By scaling down the number of TFs in reprogramming cocktail, we found exogenous Brn4 and c-Myc factors are dispensable. eSox17 and Klf4 are necessary and sufficient to generate iNSCs. This two-factor cocktail drives direct reprogramming to neural lineage without passing a pluripotent state, demonstrated by the lack of pluripotency gene activation using an Oct4-GFP reporter and Nanog-CreER lineage tracing system. In addition, metabolic assays revealed that Klf4 induces glycolysis essential for iNSC reprogramming.
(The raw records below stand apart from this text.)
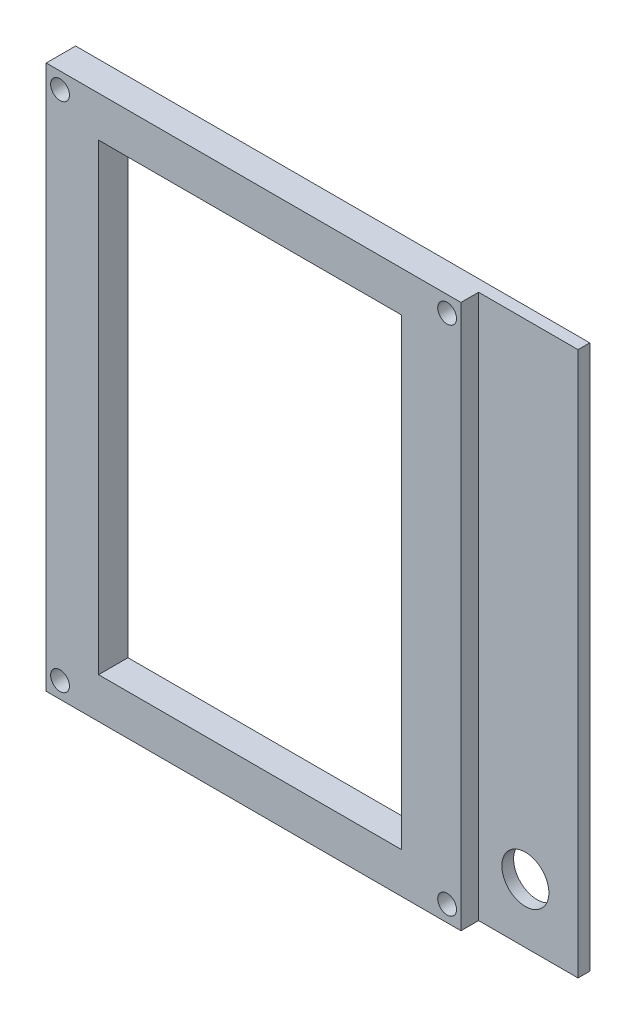
ISO-10303-21;
HEADER;
FILE_DESCRIPTION(('STEP AP214'),'2;1');
FILE_NAME('part.step','',(''),(''),'','','');
FILE_SCHEMA(('AUTOMOTIVE_DESIGN { 1 0 10303 214 1 1 1 1 }'));
ENDSEC;
DATA;
#1=APPLICATION_CONTEXT('core data for automotive mechanical design processes');
#2=APPLICATION_PROTOCOL_DEFINITION('international standard','automotive_design',2000,#1);
#3=PRODUCT_CONTEXT('',#1,'mechanical');
#4=PRODUCT('Part','Part','',(#3));
#5=PRODUCT_RELATED_PRODUCT_CATEGORY('part','',(#4));
#6=PRODUCT_DEFINITION_FORMATION('','',#4);
#7=PRODUCT_DEFINITION_CONTEXT('part definition',#1,'design');
#8=PRODUCT_DEFINITION('design','',#6,#7);
#9=PRODUCT_DEFINITION_SHAPE('','',#8);
#10=(LENGTH_UNIT() NAMED_UNIT(*) SI_UNIT(.MILLI.,.METRE.));
#11=(NAMED_UNIT(*) PLANE_ANGLE_UNIT() SI_UNIT($,.RADIAN.));
#12=(NAMED_UNIT(*) SI_UNIT($,.STERADIAN.) SOLID_ANGLE_UNIT());
#13=UNCERTAINTY_MEASURE_WITH_UNIT(LENGTH_MEASURE(1.E-05),#10,'distance_accuracy_value','');
#14=(GEOMETRIC_REPRESENTATION_CONTEXT(3) GLOBAL_UNCERTAINTY_ASSIGNED_CONTEXT((#13)) GLOBAL_UNIT_ASSIGNED_CONTEXT((#10,
#11,#12)) REPRESENTATION_CONTEXT('',''));
#15=CARTESIAN_POINT('',(0.,0.,0.));
#16=DIRECTION('',(0.,0.,1.));
#17=DIRECTION('',(1.,0.,0.));
#18=AXIS2_PLACEMENT_3D('',#15,#16,#17);
#19=CARTESIAN_POINT('',(74.75,97.2500000000001,87.6622974227393));
#20=DIRECTION('',(1.,0.,0.));
#21=DIRECTION('',(0.,0.,-1.));
#22=AXIS2_PLACEMENT_3D('',#19,#20,#21);
#23=PLANE('',#22);
#24=DIRECTION('',(0.,0.,1.));
#25=VECTOR('',#24,1.);
#26=CARTESIAN_POINT('',(74.75,4.75000000000003,87.6622974227393));
#27=LINE('',#26,#25);
#28=CARTESIAN_POINT('',(74.75,4.75000000000003,89.6622974227393));
#29=VERTEX_POINT('',#28);
#30=CARTESIAN_POINT('',(74.75,4.75000000000003,92.6622974227393));
#31=VERTEX_POINT('',#30);
#32=EDGE_CURVE('E55',#29,#31,#27,.T.);
#33=ORIENTED_EDGE('',*,*,#32,.F.);
#34=DIRECTION('',(0.,1.,0.));
#35=VECTOR('',#34,1.);
#36=CARTESIAN_POINT('',(74.75,97.2500000000001,89.6622974227393));
#37=LINE('',#36,#35);
#38=CARTESIAN_POINT('',(74.75,97.2500000000001,89.6622974227393));
#39=VERTEX_POINT('',#38);
#40=EDGE_CURVE('E50',#29,#39,#37,.T.);
#41=ORIENTED_EDGE('',*,*,#40,.T.);
#42=DIRECTION('',(0.,0.,1.));
#43=VECTOR('',#42,1.);
#44=CARTESIAN_POINT('',(74.75,97.2500000000001,87.6622974227393));
#45=LINE('',#44,#43);
#46=CARTESIAN_POINT('',(74.75,97.2500000000001,92.6622974227393));
#47=VERTEX_POINT('',#46);
#48=EDGE_CURVE('E116',#39,#47,#45,.T.);
#49=ORIENTED_EDGE('',*,*,#48,.T.);
#50=DIRECTION('',(0.,1.,0.));
#51=VECTOR('',#50,1.);
#52=CARTESIAN_POINT('',(74.75,97.2500000000001,92.6622974227393));
#53=LINE('',#52,#51);
#54=EDGE_CURVE('E186',#31,#47,#53,.T.);
#55=ORIENTED_EDGE('',*,*,#54,.F.);
#56=EDGE_LOOP('',(#33,#41,#49,#55));
#57=FACE_BOUND('',#56,.T.);
#58=ADVANCED_FACE('F33',(#57),#23,.T.);
#59=CARTESIAN_POINT('',(0.,0.,87.6622974227393));
#60=DIRECTION('',(0.,0.,-1.));
#61=DIRECTION('',(-1.,0.,0.));
#62=AXIS2_PLACEMENT_3D('',#59,#60,#61);
#63=PLANE('',#62);
#64=CARTESIAN_POINT('',(82.7,14.8,87.6622974227393));
#65=DIRECTION('',(0.,0.,-1.));
#66=DIRECTION('',(0.,1.,0.));
#67=AXIS2_PLACEMENT_3D('',#64,#65,#66);
#68=CIRCLE('',#67,4.);
#69=CARTESIAN_POINT('',(82.7,18.8000000000001,87.6622974227393));
#70=VERTEX_POINT('',#69);
#71=EDGE_CURVE('E414',#70,#70,#68,.T.);
#72=ORIENTED_EDGE('',*,*,#71,.F.);
#73=EDGE_LOOP('',(#72));
#74=FACE_BOUND('',#73,.T.);
#75=DIRECTION('',(1.,0.,0.));
#76=VECTOR('',#75,1.);
#77=CARTESIAN_POINT('',(13.15,11.65,87.6622974227393));
#78=LINE('',#77,#76);
#79=CARTESIAN_POINT('',(13.15,11.65,87.6622974227393));
#80=VERTEX_POINT('',#79);
#81=CARTESIAN_POINT('',(64.65,11.65,87.6622974227393));
#82=VERTEX_POINT('',#81);
#83=EDGE_CURVE('E144',#80,#82,#78,.T.);
#84=ORIENTED_EDGE('',*,*,#83,.T.);
#85=DIRECTION('',(0.,1.,0.));
#86=VECTOR('',#85,1.);
#87=CARTESIAN_POINT('',(64.65,90.3500000000001,87.6622974227393));
#88=LINE('',#87,#86);
#89=CARTESIAN_POINT('',(64.65,90.3500000000001,87.6622974227393));
#90=VERTEX_POINT('',#89);
#91=EDGE_CURVE('E148',#82,#90,#88,.T.);
#92=ORIENTED_EDGE('',*,*,#91,.T.);
#93=DIRECTION('',(-1.,0.,0.));
#94=VECTOR('',#93,1.);
#95=CARTESIAN_POINT('',(13.15,90.3500000000001,87.6622974227393));
#96=LINE('',#95,#94);
#97=CARTESIAN_POINT('',(13.15,90.3500000000001,87.6622974227393));
#98=VERTEX_POINT('',#97);
#99=EDGE_CURVE('E151',#90,#98,#96,.T.);
#100=ORIENTED_EDGE('',*,*,#99,.T.);
#101=DIRECTION('',(0.,-1.,0.));
#102=VECTOR('',#101,1.);
#103=CARTESIAN_POINT('',(13.15,90.3500000000001,87.6622974227393));
#104=LINE('',#103,#102);
#105=EDGE_CURVE('E141',#98,#80,#104,.T.);
#106=ORIENTED_EDGE('',*,*,#105,.T.);
#107=EDGE_LOOP('',(#84,#92,#100,#106));
#108=FACE_BOUND('',#107,.T.);
#109=DIRECTION('',(0.,-1.,0.));
#110=VECTOR('',#109,1.);
#111=CARTESIAN_POINT('',(91.65,97.2500000000001,87.6622974227393));
#112=LINE('',#111,#110);
#113=CARTESIAN_POINT('',(91.65,97.2500000000001,87.6622974227393));
#114=VERTEX_POINT('',#113);
#115=CARTESIAN_POINT('',(91.65,4.75000000000003,87.6622974227393));
#116=VERTEX_POINT('',#115);
#117=EDGE_CURVE('E120',#114,#116,#112,.T.);
#118=ORIENTED_EDGE('',*,*,#117,.T.);
#119=DIRECTION('',(1.,0.,0.));
#120=VECTOR('',#119,1.);
#121=CARTESIAN_POINT('',(4.24999999999998,4.75000000000003,87.6622974227393));
#122=LINE('',#121,#120);
#123=CARTESIAN_POINT('',(4.24999999999998,4.75000000000003,87.6622974227393));
#124=VERTEX_POINT('',#123);
#125=EDGE_CURVE('E175',#124,#116,#122,.T.);
#126=ORIENTED_EDGE('',*,*,#125,.F.);
#127=DIRECTION('',(0.,-1.,0.));
#128=VECTOR('',#127,1.);
#129=CARTESIAN_POINT('',(4.24999999999998,97.2500000000001,87.6622974227393));
#130=LINE('',#129,#128);
#131=CARTESIAN_POINT('',(4.24999999999998,97.2500000000001,87.6622974227393));
#132=VERTEX_POINT('',#131);
#133=EDGE_CURVE('E173',#132,#124,#130,.T.);
#134=ORIENTED_EDGE('',*,*,#133,.F.);
#135=DIRECTION('',(-1.,0.,0.));
#136=VECTOR('',#135,1.);
#137=CARTESIAN_POINT('',(4.24999999999998,97.2500000000001,87.6622974227393));
#138=LINE('',#137,#136);
#139=EDGE_CURVE('E178',#114,#132,#138,.T.);
#140=ORIENTED_EDGE('',*,*,#139,.F.);
#141=EDGE_LOOP('',(#118,#126,#134,#140));
#142=FACE_BOUND('',#141,.T.);
#143=CARTESIAN_POINT('',(6.59999999999997,7.50000000000007,87.6622974227393));
#144=DIRECTION('',(0.,0.,-1.));
#145=DIRECTION('',(0.,1.,0.));
#146=AXIS2_PLACEMENT_3D('',#143,#144,#145);
#147=CIRCLE('',#146,1.6);
#148=CARTESIAN_POINT('',(6.59999999999997,9.10000000000007,87.6622974227393));
#149=VERTEX_POINT('',#148);
#150=EDGE_CURVE('E11',#149,#149,#147,.T.);
#151=ORIENTED_EDGE('',*,*,#150,.F.);
#152=EDGE_LOOP('',(#151));
#153=FACE_BOUND('',#152,.T.);
#154=CARTESIAN_POINT('',(6.59999999999999,94.5000000000001,87.6622974227393));
#155=DIRECTION('',(0.,0.,-1.));
#156=DIRECTION('',(0.,1.,0.));
#157=AXIS2_PLACEMENT_3D('',#154,#155,#156);
#158=CIRCLE('',#157,1.60000000000001);
#159=CARTESIAN_POINT('',(6.59999999999999,96.1000000000001,87.6622974227393));
#160=VERTEX_POINT('',#159);
#161=EDGE_CURVE('E203',#160,#160,#158,.T.);
#162=ORIENTED_EDGE('',*,*,#161,.F.);
#163=EDGE_LOOP('',(#162));
#164=FACE_BOUND('',#163,.T.);
#165=CARTESIAN_POINT('',(72.4,7.50000000000004,87.6622974227393));
#166=DIRECTION('',(0.,0.,-1.));
#167=DIRECTION('',(0.,1.,0.));
#168=AXIS2_PLACEMENT_3D('',#165,#166,#167);
#169=CIRCLE('',#168,1.6);
#170=CARTESIAN_POINT('',(72.4,9.10000000000005,87.6622974227393));
#171=VERTEX_POINT('',#170);
#172=EDGE_CURVE('E209',#171,#171,#169,.T.);
#173=ORIENTED_EDGE('',*,*,#172,.F.);
#174=EDGE_LOOP('',(#173));
#175=FACE_BOUND('',#174,.T.);
#176=CARTESIAN_POINT('',(72.4,94.5000000000001,87.6622974227393));
#177=DIRECTION('',(0.,0.,-1.));
#178=DIRECTION('',(0.,1.,0.));
#179=AXIS2_PLACEMENT_3D('',#176,#177,#178);
#180=CIRCLE('',#179,1.60000000000001);
#181=CARTESIAN_POINT('',(72.4,96.1000000000001,87.6622974227393));
#182=VERTEX_POINT('',#181);
#183=EDGE_CURVE('E197',#182,#182,#180,.T.);
#184=ORIENTED_EDGE('',*,*,#183,.F.);
#185=EDGE_LOOP('',(#184));
#186=FACE_BOUND('',#185,.T.);
#187=ADVANCED_FACE('F230',(#74,#108,#142,#153,#164,#175,#186),#63,.T.);
#188=CARTESIAN_POINT('',(0.,0.,92.6622974227393));
#189=DIRECTION('',(0.,0.,-1.));
#190=DIRECTION('',(-1.,0.,0.));
#191=AXIS2_PLACEMENT_3D('',#188,#189,#190);
#192=PLANE('',#191);
#193=DIRECTION('',(1.,0.,0.));
#194=VECTOR('',#193,1.);
#195=CARTESIAN_POINT('',(13.15,11.65,92.6622974227393));
#196=LINE('',#195,#194);
#197=CARTESIAN_POINT('',(13.15,11.65,92.6622974227393));
#198=VERTEX_POINT('',#197);
#199=CARTESIAN_POINT('',(64.65,11.65,92.6622974227393));
#200=VERTEX_POINT('',#199);
#201=EDGE_CURVE('E156',#198,#200,#196,.T.);
#202=ORIENTED_EDGE('',*,*,#201,.F.);
#203=DIRECTION('',(0.,-1.,0.));
#204=VECTOR('',#203,1.);
#205=CARTESIAN_POINT('',(13.15,90.3500000000001,92.6622974227393));
#206=LINE('',#205,#204);
#207=CARTESIAN_POINT('',(13.15,90.3500000000001,92.6622974227393));
#208=VERTEX_POINT('',#207);
#209=EDGE_CURVE('E140',#208,#198,#206,.T.);
#210=ORIENTED_EDGE('',*,*,#209,.F.);
#211=DIRECTION('',(-1.,0.,0.));
#212=VECTOR('',#211,1.);
#213=CARTESIAN_POINT('',(13.15,90.3500000000001,92.6622974227393));
#214=LINE('',#213,#212);
#215=CARTESIAN_POINT('',(64.65,90.3500000000001,92.6622974227393));
#216=VERTEX_POINT('',#215);
#217=EDGE_CURVE('E145',#216,#208,#214,.T.);
#218=ORIENTED_EDGE('',*,*,#217,.F.);
#219=DIRECTION('',(0.,1.,0.));
#220=VECTOR('',#219,1.);
#221=CARTESIAN_POINT('',(64.65,90.3500000000001,92.6622974227393));
#222=LINE('',#221,#220);
#223=EDGE_CURVE('E159',#200,#216,#222,.T.);
#224=ORIENTED_EDGE('',*,*,#223,.F.);
#225=EDGE_LOOP('',(#202,#210,#218,#224));
#226=FACE_BOUND('',#225,.T.);
#227=CARTESIAN_POINT('',(6.59999999999997,7.50000000000007,92.6622974227393));
#228=DIRECTION('',(0.,0.,-1.));
#229=DIRECTION('',(0.,1.,0.));
#230=AXIS2_PLACEMENT_3D('',#227,#228,#229);
#231=CIRCLE('',#230,1.6);
#232=CARTESIAN_POINT('',(6.59999999999997,9.10000000000007,92.6622974227393));
#233=VERTEX_POINT('',#232);
#234=EDGE_CURVE('E42',#233,#233,#231,.T.);
#235=ORIENTED_EDGE('',*,*,#234,.T.);
#236=EDGE_LOOP('',(#235));
#237=FACE_BOUND('',#236,.T.);
#238=CARTESIAN_POINT('',(72.4,7.50000000000004,92.6622974227393));
#239=DIRECTION('',(0.,0.,-1.));
#240=DIRECTION('',(0.,1.,0.));
#241=AXIS2_PLACEMENT_3D('',#238,#239,#240);
#242=CIRCLE('',#241,1.6);
#243=CARTESIAN_POINT('',(72.4,9.10000000000005,92.6622974227393));
#244=VERTEX_POINT('',#243);
#245=EDGE_CURVE('E206',#244,#244,#242,.T.);
#246=ORIENTED_EDGE('',*,*,#245,.T.);
#247=EDGE_LOOP('',(#246));
#248=FACE_BOUND('',#247,.T.);
#249=CARTESIAN_POINT('',(6.59999999999999,94.5000000000001,92.6622974227393));
#250=DIRECTION('',(0.,0.,-1.));
#251=DIRECTION('',(0.,1.,0.));
#252=AXIS2_PLACEMENT_3D('',#249,#250,#251);
#253=CIRCLE('',#252,1.60000000000001);
#254=CARTESIAN_POINT('',(6.59999999999999,96.1000000000001,92.6622974227393));
#255=VERTEX_POINT('',#254);
#256=EDGE_CURVE('E200',#255,#255,#253,.T.);
#257=ORIENTED_EDGE('',*,*,#256,.T.);
#258=EDGE_LOOP('',(#257));
#259=FACE_BOUND('',#258,.T.);
#260=CARTESIAN_POINT('',(72.4,94.5000000000001,92.6622974227393));
#261=DIRECTION('',(0.,0.,-1.));
#262=DIRECTION('',(0.,1.,0.));
#263=AXIS2_PLACEMENT_3D('',#260,#261,#262);
#264=CIRCLE('',#263,1.60000000000001);
#265=CARTESIAN_POINT('',(72.4,96.1000000000001,92.6622974227393));
#266=VERTEX_POINT('',#265);
#267=EDGE_CURVE('E193',#266,#266,#264,.T.);
#268=ORIENTED_EDGE('',*,*,#267,.T.);
#269=EDGE_LOOP('',(#268));
#270=FACE_BOUND('',#269,.T.);
#271=DIRECTION('',(0.,-1.,0.));
#272=VECTOR('',#271,1.);
#273=CARTESIAN_POINT('',(4.24999999999998,97.2500000000001,92.6622974227393));
#274=LINE('',#273,#272);
#275=CARTESIAN_POINT('',(4.24999999999998,97.2500000000001,92.6622974227393));
#276=VERTEX_POINT('',#275);
#277=CARTESIAN_POINT('',(4.24999999999998,4.75000000000003,92.6622974227393));
#278=VERTEX_POINT('',#277);
#279=EDGE_CURVE('E166',#276,#278,#274,.T.);
#280=ORIENTED_EDGE('',*,*,#279,.T.);
#281=DIRECTION('',(1.,0.,0.));
#282=VECTOR('',#281,1.);
#283=CARTESIAN_POINT('',(4.24999999999998,4.75000000000003,92.6622974227393));
#284=LINE('',#283,#282);
#285=EDGE_CURVE('E183',#278,#31,#284,.T.);
#286=ORIENTED_EDGE('',*,*,#285,.T.);
#287=ORIENTED_EDGE('',*,*,#54,.T.);
#288=DIRECTION('',(-1.,0.,0.));
#289=VECTOR('',#288,1.);
#290=CARTESIAN_POINT('',(4.24999999999998,97.2500000000001,92.6622974227393));
#291=LINE('',#290,#289);
#292=EDGE_CURVE('E176',#47,#276,#291,.T.);
#293=ORIENTED_EDGE('',*,*,#292,.T.);
#294=EDGE_LOOP('',(#280,#286,#287,#293));
#295=FACE_BOUND('',#294,.T.);
#296=ADVANCED_FACE('F35',(#226,#237,#248,#259,#270,#295),#192,.F.);
#297=CARTESIAN_POINT('',(6.59999999999997,7.50000000000007,87.6622974227393));
#298=DIRECTION('',(0.,0.,1.));
#299=DIRECTION('',(0.,-1.,0.));
#300=AXIS2_PLACEMENT_3D('',#297,#298,#299);
#301=CYLINDRICAL_SURFACE('',#300,1.6);
#302=ORIENTED_EDGE('',*,*,#150,.T.);
#303=EDGE_LOOP('',(#302));
#304=FACE_BOUND('',#303,.T.);
#305=ORIENTED_EDGE('',*,*,#234,.F.);
#306=EDGE_LOOP('',(#305));
#307=FACE_BOUND('',#306,.T.);
#308=ADVANCED_FACE('F218',(#304,#307),#301,.F.);
#309=CARTESIAN_POINT('',(72.4,7.50000000000004,87.6622974227393));
#310=DIRECTION('',(0.,0.,1.));
#311=DIRECTION('',(0.,-1.,0.));
#312=AXIS2_PLACEMENT_3D('',#309,#310,#311);
#313=CYLINDRICAL_SURFACE('',#312,1.6);
#314=ORIENTED_EDGE('',*,*,#172,.T.);
#315=EDGE_LOOP('',(#314));
#316=FACE_BOUND('',#315,.T.);
#317=ORIENTED_EDGE('',*,*,#245,.F.);
#318=EDGE_LOOP('',(#317));
#319=FACE_BOUND('',#318,.T.);
#320=ADVANCED_FACE('F220',(#316,#319),#313,.F.);
#321=CARTESIAN_POINT('',(6.59999999999999,94.5000000000001,87.6622974227393));
#322=DIRECTION('',(0.,0.,1.));
#323=DIRECTION('',(0.,-1.,0.));
#324=AXIS2_PLACEMENT_3D('',#321,#322,#323);
#325=CYLINDRICAL_SURFACE('',#324,1.60000000000001);
#326=ORIENTED_EDGE('',*,*,#161,.T.);
#327=EDGE_LOOP('',(#326));
#328=FACE_BOUND('',#327,.T.);
#329=ORIENTED_EDGE('',*,*,#256,.F.);
#330=EDGE_LOOP('',(#329));
#331=FACE_BOUND('',#330,.T.);
#332=ADVANCED_FACE('F227',(#328,#331),#325,.F.);
#333=CARTESIAN_POINT('',(72.4,94.5000000000001,87.6622974227393));
#334=DIRECTION('',(0.,0.,1.));
#335=DIRECTION('',(0.,-1.,0.));
#336=AXIS2_PLACEMENT_3D('',#333,#334,#335);
#337=CYLINDRICAL_SURFACE('',#336,1.60000000000001);
#338=ORIENTED_EDGE('',*,*,#183,.T.);
#339=EDGE_LOOP('',(#338));
#340=FACE_BOUND('',#339,.T.);
#341=ORIENTED_EDGE('',*,*,#267,.F.);
#342=EDGE_LOOP('',(#341));
#343=FACE_BOUND('',#342,.T.);
#344=ADVANCED_FACE('F249',(#340,#343),#337,.F.);
#345=CARTESIAN_POINT('',(4.24999999999998,97.2500000000001,87.6622974227393));
#346=DIRECTION('',(-1.,0.,0.));
#347=DIRECTION('',(0.,-1.,0.));
#348=AXIS2_PLACEMENT_3D('',#345,#346,#347);
#349=PLANE('',#348);
#350=ORIENTED_EDGE('',*,*,#279,.F.);
#351=DIRECTION('',(0.,0.,1.));
#352=VECTOR('',#351,1.);
#353=CARTESIAN_POINT('',(4.24999999999998,97.2500000000001,87.6622974227393));
#354=LINE('',#353,#352);
#355=EDGE_CURVE('E191',#132,#276,#354,.T.);
#356=ORIENTED_EDGE('',*,*,#355,.F.);
#357=ORIENTED_EDGE('',*,*,#133,.T.);
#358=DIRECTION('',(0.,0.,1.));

To uncover the molecular mechanism underlying the unique ability of eSox17 to generate iNSCs, we investigated transcriptional dynamic and chromatin accessibility during neural reprogramming. Global gene expression and chromatin opening are similar at the early stage of reprogramming with different Sox factors.

Compared with Sox2 and Sox17, eSox17 differentially targets genomic loci with canonical Sox:Oct DNA elements and activates a small subset of genes to mediate cell fate change during neural reprogramming. Importantly, exogenous TF silencing is required to mature reprogramming cells into iNSCs at the late stage.

In summary, this study shows eSox17 enables robust reprogramming of somatic cells into iNSCs. The translation of these findings to human iNSC generation could lead to readily available, authentic and personalized cell models for neurodegenerative diseases that bypass the shortcomings associated with iPSC-based strategies. The application of eTFs to generate desired cell types could provide promising cell sources for research and regenerative medicine.